Ryder Hesjedal animated the second half of the 2015 Giro d’Italia and will hope to do so again this time out (Pic: Sirotti)

Katusha’s Ilnur Zakarin was one of the breakthrough riders in 2015, claiming the Tour de Romandie title ahead of a stellar line-up which included Chris Froome, Nairo Quintana and Vincenzo Nibali, before winning a medium mountain stage of the Giro. This year the Russian has already won a stage of Paris-Nice, finished fourth at the Tour de Romandie and fifth at a particularly tough edition of Liege-Bastogne-Liege. Now Zakarin, who is also a strong time trialist, will test himself as a GC contender in a Grand Tour for the first time.
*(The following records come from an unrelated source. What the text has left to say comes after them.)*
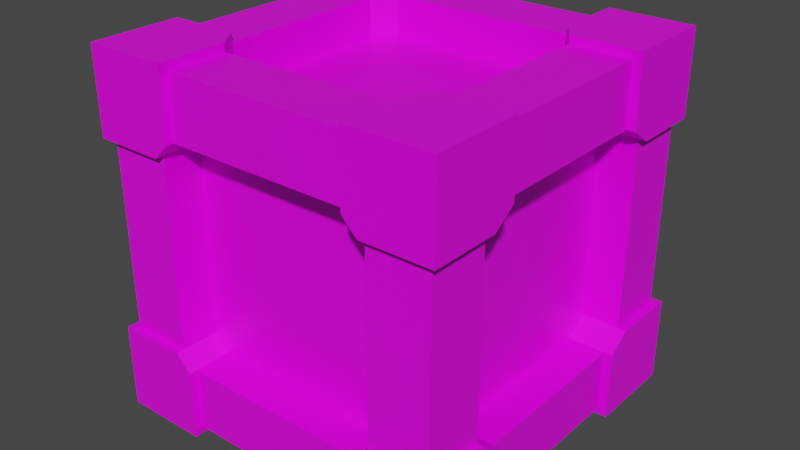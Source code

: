 # Source: Crate-00.blend  (saved by Blender 2.93.21; exported with 4.5.12 LTS)
import bpy
from mathutils import Matrix  # noqa: F401  (used for matrix-valued properties, if any)

bpy.ops.wm.read_factory_settings(use_empty=True)
scene = bpy.context.scene
scene.name = 'Scene'

# ---- collections
col_collection = bpy.data.collections.new('Collection'); scene.collection.children.link(col_collection)

# ---- images (referenced by path relative to the original .blend; pixels are not part of the script)
import os
ASSET_DIR = os.environ.get("B2B_ASSET_DIR", "")  # directory of the original .blend (textures are referenced by path, not embedded)
HERE = os.path.dirname(os.path.abspath(__file__))  # packed textures are extracted next to this script under _unpacked/

def load_image(name, relpath, width, height, colorspace="sRGB"):
    """Load a texture the original file referenced (path relative to the .blend, or extracted next to this script)."""
    p = next((c for c in (os.path.join(HERE, relpath), os.path.join(ASSET_DIR, relpath)) if relpath and os.path.exists(c)), "")
    if p:
        img = bpy.data.images.load(p, check_existing=True)
        img.name = name
    else:  # same state as the original file: an image datablock whose file is absent (Cycles renders it pink)
        img = bpy.data.images.new(name, width, height)
        img.source = "FILE"
        img.filepath = "//" + (relpath or name)
    img.colorspace_settings.name = colorspace
    return img
img_sligga_palette_png = load_image('sligga-palette.png', 'sligga-palette.png', 1024, 1024, 'sRGB')

# ---- materials (node trees are filled in below, after node groups)
mat_cratematerial = bpy.data.materials.new('CrateMaterial')
mat_cratematerial.alpha_threshold = 0.0
mat_cratematerial.use_transparent_shadow = False
mat_cratematerial.line_color = (0.0, 0.0, 0.0, 1.0)

# ---- material node trees
mat_cratematerial.use_nodes = True; mat_cratematerial.node_tree.nodes.clear()
_N = mat_cratematerial.node_tree.nodes; _L = mat_cratematerial.node_tree.links
n0 = _N.new('ShaderNodeOutputMaterial'); n0.name = 'Material Output'; n0.location = (300, 300)
n1 = _N.new('ShaderNodeBsdfPrincipled'); n1.name = 'Principled BSDF'; n1.location = (10, 300)
n1.distribution = 'GGX'
n1.subsurface_method = 'BURLEY'
n1.inputs[2].default_value = 0.4
n1.inputs[3].default_value = 1.45
n1.inputs[27].default_value = (0.0, 0.0, 0.0, 1.0)
n1.inputs[28].default_value = 1.0
n2 = _N.new('ShaderNodeTexImage'); n2.name = 'Image Texture'; n2.location = (-357, 242)
n2.image = img_sligga_palette_png
n2.interpolation = 'Closest'
_L.new(n1.outputs[0], n0.inputs[0])
_L.new(n2.outputs[0], n1.inputs[0])
n0.is_active_output = True

# ---- world
world_world = bpy.data.worlds.new('World'); scene.world = world_world
world_world.use_nodes = True; world_world.node_tree.nodes.clear()
_N = world_world.node_tree.nodes; _L = world_world.node_tree.links
n0 = _N.new('ShaderNodeOutputWorld'); n0.name = 'World Output'; n0.location = (300, 300)
n1 = _N.new('ShaderNodeBackground'); n1.name = 'Background'; n1.location = (10, 300)
n1.inputs[0].default_value = (0.05088, 0.05088, 0.05088, 1.0)
_L.new(n1.outputs[0], n0.inputs[0])
n0.is_active_output = True
world_world.color = (0.05088, 0.05088, 0.05088)
world_world.use_sun_shadow = False
world_world.sun_shadow_jitter_overblur = 0.0

# ---- meshes
me_cube_002 = bpy.data.meshes.new('Cube.002')
me_cube_002.from_pydata([(-1.0, -1.0, -1.0), (-1.0, -1.0, 1.0), (-1.0, 1.0, -1.0), (-1.0, 1.0, 1.0), (1.0, -1.0, -1.0), (1.0, -1.0, 1.0), (1.0, 1.0, -1.0), (1.0, 1.0, 1.0), (1.29, 1.29, 1.29), (1.29, 1.29, -1.29), (1.29, -1.29, 1.29), (1.29, -1.29, -1.29), (-1.29, 1.29, 1.29), (-1.29, 1.29, -1.29), (-1.29, -1.29, 1.29), (-1.29, -1.29, -1.29), (-0.8295, -0.8295, 1.29), (0.8295, 0.8295, 1.29), (-0.8295, 0.8295, 1.29), (0.8295, -0.8295, 1.29), (0.8295, -0.8295, -1.29), (-0.8295, 0.8295, -1.29), (0.8295, 0.8295, -1.29), (-0.8295, -0.8295, -1.29), (-0.8295, -1.29, 0.8295), (0.8295, -1.29, 0.8295), (0.8295, -1.29, -0.8295), (-0.8295, -1.29, -0.8295), (-0.8295, 1.29, -0.8295), (0.8295, 1.29, 0.8295), (-0.8295, 1.29, 0.8295), (0.8295, 1.29, -0.8295), (0.8295, -0.8295, -0.8295), (0.8295, -0.8295, -0.1716), (0.8295, -0.8295, 0.8295), (-0.8295, -0.8295, -0.8295), (-0.8295, -0.8295, 0.1716), (-0.8295, -0.8295, 0.8295), (0.8295, 0.8295, -0.8295), (0.8295, 0.8295, 0.1716), (0.8295, 0.8295, 0.8295), (-0.8295, 0.8295, -0.8295), (-0.8295, 0.8295, -0.1716), (-0.8295, 0.8295, 0.8295), (-1.29, -0.8295, -0.8295), (-1.29, 0.8295, 0.8295), (-1.29, -0.8295, 0.8295), (-1.29, 0.8295, -0.8295), (1.29, -0.8295, 0.8295), (1.29, 0.8295, 0.8295), (1.29, 0.8295, -0.8295), (1.29, -0.8295, -0.8295), (1.002, 0.8858, 0.6789), (-0.6789, 0.8858, -1.002), (1.002, 1.178, 0.6789), (-0.6789, 1.178, -1.002), (0.6789, 0.8858, 1.002), (-1.002, 0.8858, -0.6789), (0.6789, 1.178, 1.002), (-1.002, 1.178, -0.6789), (0.6789, 0.8013, -1.002), (-1.002, 0.8013, 0.6789), (0.6789, 1.094, -1.002), (-1.002, 1.094, 0.6789), (1.002, 0.8013, -0.6789), (-0.6789, 0.8013, 1.002), (1.002, 1.094, -0.6789), (-0.6789, 1.094, 1.002), (-0.8858, 1.002, 0.6789), (-0.8858, -0.6789, -1.002), (-1.178, 1.002, 0.6789), (-1.178, -0.6789, -1.002), (-0.8858, 0.6789, 1.002), (-0.8858, -1.002, -0.6789), (-1.178, 0.6789, 1.002), (-1.178, -1.002, -0.6789), (-0.8013, 0.6789, -1.002), (-0.8013, -1.002, 0.6789), (-1.094, 0.6789, -1.002), (-1.094, -1.002, 0.6789), (-0.8013, 1.002, -0.6789), (-0.8013, -0.6789, 1.002), (-1.094, 1.002, -0.6789), (-1.094, -0.6789, 1.002), (-1.351, -1.351, 0.6611), (-1.351, -1.351, 1.348), (-0.7127, -1.351, 0.8308), (-1.351, -0.7127, 1.348), (-0.7127, -1.351, 1.348), (-0.8288, -1.351, 0.6611), (-1.351, -0.8298, 0.6611), (-1.351, -0.7127, 0.83), (-0.8288, -0.8298, 0.6611), (-0.8296, -0.7127, 1.348), (-0.7127, -0.8287, 1.348), (-0.7707, -0.7712, 0.7457), (-0.8296, -0.7127, 0.83), (-0.7127, -0.8287, 0.8302), (-1.351, 1.351, 0.6611), (-1.351, 1.351, 1.348), (-1.351, 0.7127, 0.8308), (-0.7127, 1.351, 1.348), (-1.351, 0.7127, 1.348), (-1.351, 0.8288, 0.6611), (-0.8298, 1.351, 0.6611), (-0.7127, 1.351, 0.83), (-0.8298, 0.8288, 0.6611), (-0.7127, 0.8296, 1.348), (-0.8287, 0.7127, 1.348), (-0.7712, 0.7707, 0.7457), (-0.7127, 0.8296, 0.83), (-0.8287, 0.7127, 0.8302), (1.351, -1.351, 0.6611), (1.351, -1.351, 1.348), (1.351, -0.7127, 0.8308), (0.7127, -1.351, 1.348), (1.351, -0.7127, 1.348), (1.351, -0.8288, 0.6611), (0.8298, -1.351, 0.6611), (0.7127, -1.351, 0.83), (0.8298, -0.8288, 0.6611), (0.7127, -0.8296, 1.348), (0.8287, -0.7127, 1.348), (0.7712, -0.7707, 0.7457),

Finally, Caleb Ewan (Orica-GreenEDGE) will look to muscle in on the Giro’s bunch sprints and break the German stranglehold of Marcel Kittel and Andre Greipel. Ewan turned pro last season and has established himself as a prodigious talent, taking a Grand Tour stage win at the first attempt in the 2015 Vuelta. At 5’4″ and 61kg, Ewan is the polar opposite of the bulking powerhouses Kittel and Greipel, but his sprint is undoubtedly effective. Also watch out for FDJ’s Arnaud Démare and Team Sky’s Elia Viviani in the Giro’s fast finishes.